Twelve million households struggling to balance bills in the credit crunch will have to find an extra £250 a year for gas and electricity after the energy giants E.ON and Scottish & Southern announced inflation-busting rises.
Scottish & Southern, which has 8.8 million customers, is raising prices by 29 per cent for gas and 19 per cent for energy on Monday, and E.ON, with 5.5 million customers, is increasing gas by 26 per cent and electricity by 16 per cent today. E.ON and Scottish & Southern – whose 1.7 million fixed-rate customers will not be affected – blamed the rises on the soaring wholesale gas price.
That means average fuel bills will have jumped by 33 per cent since January, from £912 to £1209. At the same time people have been hit by above-inflation rises for mortgages, food, council tax and petrol.
Energy customers have been warned to expect more pain in coming months. EDF and British Gas announced rises of 22 per cent and 25 per cent last month and the remaining "Big Six" companies, nPower and ScottishPower, are expected to lift their prices in the next three weeks.
Gas prices have risen by 60 per cent on the global market since February as a result of increasing global demand for energy and the link between gas and the booming oil price on the continent, which now exports gas to the UK. They jumped a further 14 per cent on Wednesday when a leak forced the closure of a North Sea gas pipeline in Norway, which one analyst said would "significantly" reduce gas exports to European countries.
Announcing the increase yesterday, Graham Bartlett, E.ON's retail managing director, said: "I'm very aware of the effect that today's announcement will have on our customers and I recognise that this is a very tough time for everyone."
But an Energywatch spokes-man, Adam Scorer, said: "Companies raising prices at the same time and by very similar amounts is what prompted the regulator Ofgem to launch its probe into the energy industry. The impact on every consumer is going to be harsh. But British Gas, E.ON and Scottish & Southern have not raised their online tariffs."
Price comparison websites advised households to move to the cheapest tariff and to minimise energy use. Tim Wolfenden, of uSwitch.com, said: "Soaring energy bills pose a huge threat to our standard of living: gas and electricity are essential commodities which have now become a luxury many can no longer afford."
Age Concern feared that the number of pensioners in fuel poverty, spending at least 10 per cent of their income on heating and powering their homes, would rise to one in three.

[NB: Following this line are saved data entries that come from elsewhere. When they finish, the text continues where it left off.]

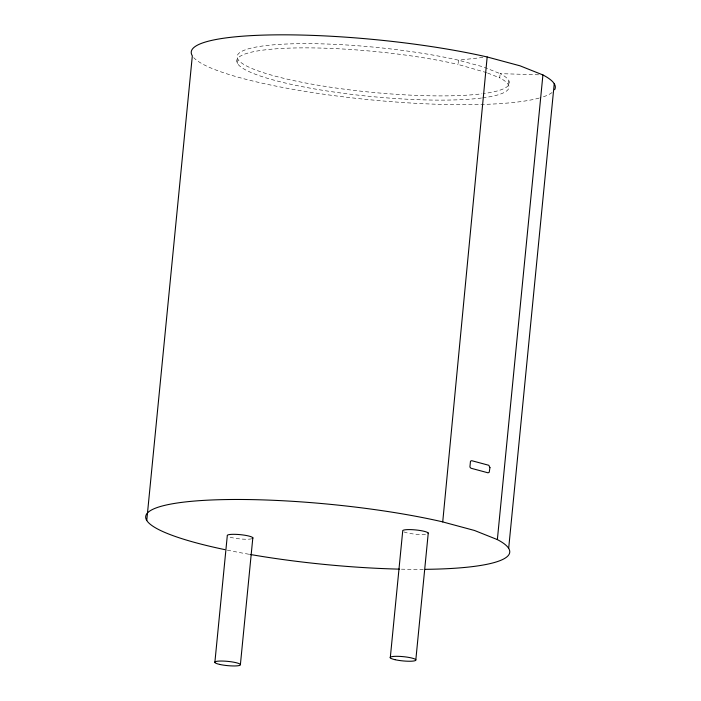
<?xml version="1.0" encoding="UTF-8"?>
<svg xmlns="http://www.w3.org/2000/svg" width="701" height="701" viewBox="0 0 701 701"><rect width="100%" height="100%" fill="white"/><g stroke="black" fill="none" stroke-linecap="round" stroke-linejoin="round"><path stroke-width="0.53" stroke-dasharray="3.5 2.63" d="M237.543 63.572L237.954 59.34M486.652 72.65L458.033 64.422L458.454 60.198L482.91 57.447M482.665 97.868A136.774 22.572 5.6 0 0 499.725 77.864L500.146 73.64L483.033 66.814L458.454 60.198A136.774 22.572 5.6 0 0 266.257 45.547A136.774 22.572 5.6 0 0 290.17 79.809A136.774 22.572 5.6 0 0 481.902 93.803M508.19 84.418L508.602 80.194M538.64 74.814L500.146 73.64A136.774 22.572 5.6 0 1 483.077 93.645M487.651 73.044L499.725 77.864M423.299 569.343A182.891 30.187 5.6 0 1 400.499 569.159M248.811 554.228A182.891 30.187 5.6 0 1 226.958 550.066M425.507 534.355A12.907 2.129 5.6 0 1 403.513 531.691M251.817 538.762A12.907 2.129 5.6 0 1 229.7 537.054M481.491 98.026A136.774 22.572 5.6 0 1 289.75 84.032A136.774 22.572 5.6 0 1 265.845 49.771A136.774 22.572 5.6 0 1 458.033 64.422M552.064 92.532A182.891 30.187 5.6 0 1 539.936 97.868M539.095 98.096A182.891 30.187 5.6 0 1 349.676 97.588A182.891 30.187 5.6 0 1 193.721 57.64"/><path stroke-width="1.05" d="M442.725 521.921L487.169 56.974A182.891 30.187 5.6 0 0 285.657 34.831A182.891 30.187 5.6 0 0 192.328 55.826L146.763 520.475M214.856 662.515L227.282 535.792A12.907 2.129 5.6 0 1 240.329 534.661A12.907 2.129 5.6 0 1 252.754 538.315M240.408 664.487L252.833 537.763M390.282 657.801L402.707 531.078A12.907 2.129 5.6 0 1 415.763 529.947A12.907 2.129 5.6 0 1 428.188 533.592M415.833 659.764L428.258 533.04M425.376 569.326A182.891 30.187 5.6 0 0 497.36 539.595L542.916 74.946L520.046 65.824L487.169 56.974M508.672 548.357L554.237 83.708M497.36 539.595L474.489 530.473L441.612 521.623A182.891 30.187 5.6 0 0 181.506 502.407A182.891 30.187 5.6 0 0 224.872 549.637M399.377 569.133A182.891 30.187 5.6 0 1 249.942 554.421M542.916 74.946A182.891 30.187 5.6 0 1 554.631 89.702M489.946 467.628L489.21 472.29L488.062 472.825L470.932 468.215L469.907 467.059L470.485 461.205L471.668 460.68L488.807 465.289L489.946 467.628M395.022 659.685A12.907 2.129 5.6 0 0 415.763 660.316A12.907 2.129 5.6 0 0 398.396 656.338A12.907 2.129 5.6 0 0 395.022 659.685M219.588 664.399A12.907 2.129 5.6 0 0 240.329 665.039A12.907 2.129 5.6 0 0 222.971 661.061A12.907 2.129 5.6 0 0 219.588 664.399"/></g></svg>
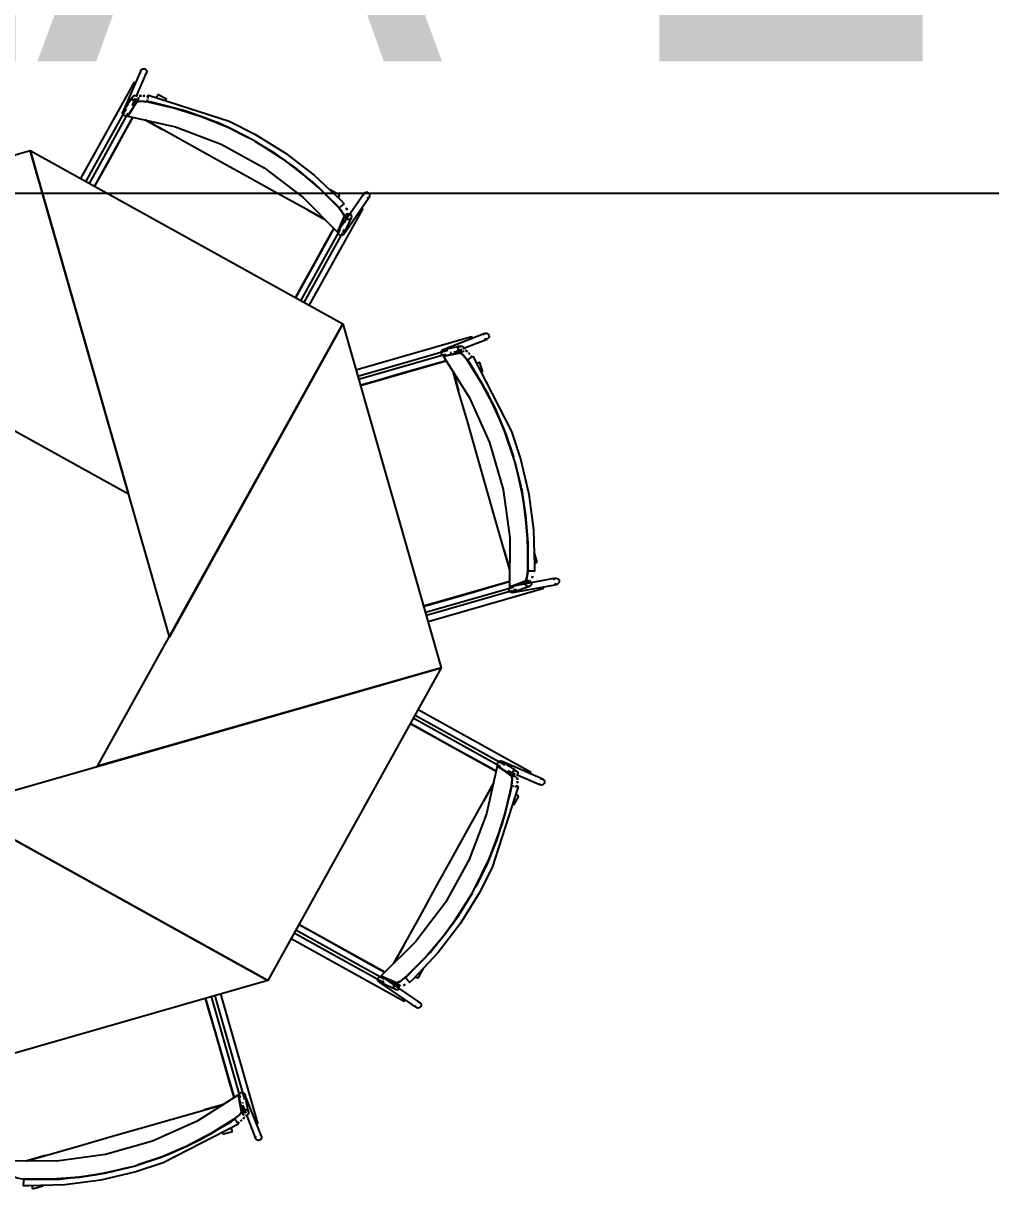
# Model space of a CAD drawing. Header units: metres. Extents: x 2.5 to 42.6, y 0.9 to 31.9.
# Drawn here: x 36.348 to 37.026, y 24.452 to 25.269 of the extents above; entities that cross this region are included whole.
import ezdxf

# ---------------------------------------------------------------- set-up
doc = ezdxf.new("R2010")
doc.units = ezdxf.units.M
for name, color, linetype in [('ARREDI', 9, 'Continuous'), ('PARETI_STRUTTURE', 7, 'Continuous'), ('PORTE_SCALE', 2, 'Continuous'), ('WAYFINDING_RIQUADRI', 7, 'Continuous'), ('WAYFINDING_TESTI', 7, 'Continuous')]:
    doc.layers.add(name, color=color, linetype=linetype)

msp = doc.modelspace()

# ---------------------------------------------------------------- linework, layer by layer
at = {"layer": 'ARREDI'}
for points in [[(36.43056, 25.23422), (36.43038, 25.23494), (36.43048, 25.23569), (36.43056, 25.23592), (36.43056, 25.23593), (36.43081, 25.23635), (36.43135, 25.23686), (36.43205, 25.23715), (36.4328, 25.23719), (36.43352, 25.23697), (36.43412, 25.23651), (36.43453, 25.2359)], [(36.43453, 25.23589), (36.43471, 25.23517), (36.43461, 25.23442), (36.43453, 25.2342), (36.43453, 25.23419), (36.43428, 25.23377), (36.43374, 25.23326)], [(36.42579, 25.22766), (36.42581, 25.22765)], [(36.42655, 25.22724), (36.4261, 25.22749), (36.42584, 25.22763)], [(36.42714, 25.22692), (36.42655, 25.22724)], [(36.42442, 25.2114), (36.42533, 25.21278), (36.42775, 25.21635)], [(36.42474, 25.21558), (36.42455, 25.21631), (36.42464, 25.21704), (36.42487, 25.21757), (36.42497, 25.21771), (36.42546, 25.21817), (36.4255, 25.21819), (36.42618, 25.21847), (36.42692, 25.2185), (36.42764, 25.21828), (36.42824, 25.21782)], [(36.42864, 25.21719), (36.42883, 25.21647), (36.42874, 25.21574), (36.42851, 25.21521), (36.42841, 25.21507), (36.42788, 25.21458), (36.4272, 25.2143), (36.42646, 25.21428), (36.42574, 25.2145), (36.42514, 25.21496), (36.42473, 25.21558)], [(36.43106, 25.21819), (36.4294, 25.21805)], [(36.42945, 25.21804), (36.43113, 25.21818)], [(36.43332, 25.21808), (36.43204, 25.21814)], [(36.43227, 25.21812), (36.43343, 25.21807)], [(36.4347, 25.21789), (36.43577, 25.21773)], [(36.43578, 25.21774), (36.43471, 25.21789)], [(36.43518, 25.21431), (36.43522, 25.21453), (36.43531, 25.21499), (36.4354, 25.21561)], [(36.43554, 25.21635), (36.43566, 25.21708), (36.43577, 25.21773)], [(36.43586, 25.21823), (36.4359, 25.21851), (36.43592, 25.21855), (36.43592, 25.21854)], [(36.44255, 25.21908), (36.44242, 25.21884), (36.44218, 25.21842), (36.44187, 25.21784), (36.4415, 25.2172)], [(36.41797, 25.20536), (36.41779, 25.20608), (36.41789, 25.20683), (36.41797, 25.20705), (36.41797, 25.20707), (36.41822, 25.20749), (36.41877, 25.208), (36.41946, 25.20829), (36.42021, 25.20833)], [(36.43532, 25.21389), (36.4329, 25.21424), (36.43061, 25.21435), (36.42891, 25.21421), (36.42811, 25.21385), (36.4248, 25.20895), (36.42152, 25.20403), (36.45491, 25.19652), (36.48694, 25.18432), (36.51693, 25.1677), (36.54423, 25.147), (36.5683, 25.12267), (36.57073, 25.12806), (36.57314, 25.13346)], [(36.42809, 25.21386), (36.42886, 25.21422), (36.43052, 25.21437), (36.43278, 25.21426), (36.43531, 25.2139)], [(36.43532, 25.2139), (36.4543, 25.20959), (36.4729, 25.20377), (36.49097, 25.19645), (36.5059, 25.18895)], [(36.50589, 25.18895), (36.491, 25.19644), (36.47297, 25.20375), (36.45442, 25.20957), (36.43546, 25.21387)], [(36.42496, 25.20325), (36.41991, 25.19413), (36.41364, 25.18284), (36.40738, 25.17153), (36.4011, 25.16021), (36.39809, 25.15477)], [(36.42169, 25.20491), (36.42115, 25.20439), (36.42046, 25.20411), (36.41971, 25.20407), (36.41899, 25.20428), (36.41839, 25.20474), (36.41797, 25.20536)], [(36.42152, 25.20403), (36.42182, 25.20629)], [(36.43364, 25.2013), (36.44583, 25.19454)], [(36.55956, 25.13151), (36.54702, 25.13845), (36.52691, 25.14961), (36.50672, 25.1608), (36.48649, 25.17201), (36.4663, 25.1832), (36.44617, 25.19436), (36.43365, 25.2013)], [(36.52473, 25.17776), (36.5108, 25.18623)], [(36.5108, 25.18623), (36.52477, 25.17773)], [(36.54036, 25.16646), (36.52525, 25.17741)], [(36.52528, 25.1774), (36.54037, 25.16647)], [(36.56926, 25.13971), (36.55557, 25.1535), (36.54079, 25.16616)], [(36.54085, 25.16611), (36.55564, 25.15343), (36.56936, 25.13961)], [(36.5866, 25.14852), (36.58674, 25.14926), (36.58698, 25.14969), (36.58698, 25.1497), (36.58713, 25.1499), (36.58772, 25.15036), (36.58842, 25.15059)], [(36.58842, 25.1506), (36.58917, 25.15058), (36.58987, 25.15031), (36.59044, 25.14981), (36.59081, 25.14915), (36.59092, 25.14842), (36.59078, 25.14768), (36.59055, 25.14725), (36.59055, 25.14724), (36.5904, 25.14704), (36.58981, 25.14658), (36.5891, 25.14635)], [(36.56887, 25.1466), (36.56923, 25.14725), (36.56955, 25.14782), (36.56979, 25.14825), (36.56991, 25.14848)], [(36.57279, 25.14241), (36.57296, 25.14257), (36.57299, 25.14258), (36.57295, 25.14255), (36.57274, 25.14237), (36.57236, 25.14204), (36.57186, 25.1416), (36.57131, 25.1411), (36.57077, 25.1406)], [(36.54736, 25.13826), (36.55958, 25.1315)], [(36.57314, 25.13347), (36.57301, 25.13434), (36.57224, 25.13584), (36.57093, 25.13773), (36.56935, 25.13961)], [(36.56936, 25.1396), (36.57101, 25.13764), (36.57229, 25.13578), (36.57304, 25.13431), (36.57315, 25.13345)], [(36.57076, 25.1406), (36.57029, 25.14017), (36.56994, 25.13987), (36.56978, 25.13971)], [(36.5761, 25.13596), (36.5737, 25.13054), (36.5731, 25.12922)], [(36.57639, 25.13153), (36.57564, 25.13154), (36.57493, 25.13181), (36.57436, 25.13229), (36.574, 25.13293), (36.57388, 25.13365), (36.57388, 25.13367), (36.57402, 25.13437), (36.57407, 25.13451), (36.57439, 25.135), (36.57497, 25.13546), (36.57568, 25.13569)], [(36.5745, 25.13934), (36.57521, 25.13832)], [(36.57525, 25.13827), (36.5745, 25.13934)], [(36.57714, 25.13541), (36.57771, 25.13493), (36.57808, 25.13429), (36.57821, 25.13356), (36.57821, 25.13349), (36.57807, 25.13284), (36.578, 25.1327), (36.57768, 25.13222), (36.5771, 25.13176), (36.57639, 25.13152)], [(36.58532, 25.13924), (36.58473, 25.13956)], [(36.58605, 25.13883), (36.58607, 25.13882), (36.58601, 25.13885), (36.58576, 25.139), (36.58532, 25.13925)], [(36.53894, 25.0767), (36.5448, 25.08727), (36.55221, 25.10065), (36.55962, 25.11402), (36.56581, 25.12519)], [(36.57062, 25.12461), (36.5683, 25.12268)], [(36.5683, 25.12267), (36.57062, 25.1246)], [(36.5713, 25.12037), (36.57055, 25.12039), (36.56986, 25.12067), (36.56929, 25.12117), (36.56893, 25.12182), (36.5688, 25.12256)], [(36.57207, 25.12434), (36.57264, 25.12384), (36.573, 25.12318), (36.57313, 25.12245), (36.57297, 25.12171), (36.57275, 25.12128), (36.57275, 25.12127), (36.5726, 25.12107), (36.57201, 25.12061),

Ed Matthew, a climate campaigner at Friends of the Earth, said the rises were "nothing short of a national disaster" for the poor. "The only way to fully protect people from ever-rising global fuel prices is to ensure every home in the UK is super-insulated and has access to green energy systems," he said.
"Fuel bills and carbon emissions in UK homes could be slashed by two-thirds as a result."
How to cut your fuel costs
* Pay by direct debit – monthly or quarterly cheque payments are much costlier.
* The cheapest deals are online, dual-fuel, paid monthly by direct debit.
* Pre-payment meters are up to £500 more expensive than the lowest tariff.
* Fixed deals look like a good bet as prices continue to climb.
* Loft insulation for a three-bed semi costs £199, saves 15 per cent on annual bills and pays back the investment in 15 months.
* Cavity wall insulation costs £175 for a three-bed semi, saves 15 per cent of bills and pays back in 17 months.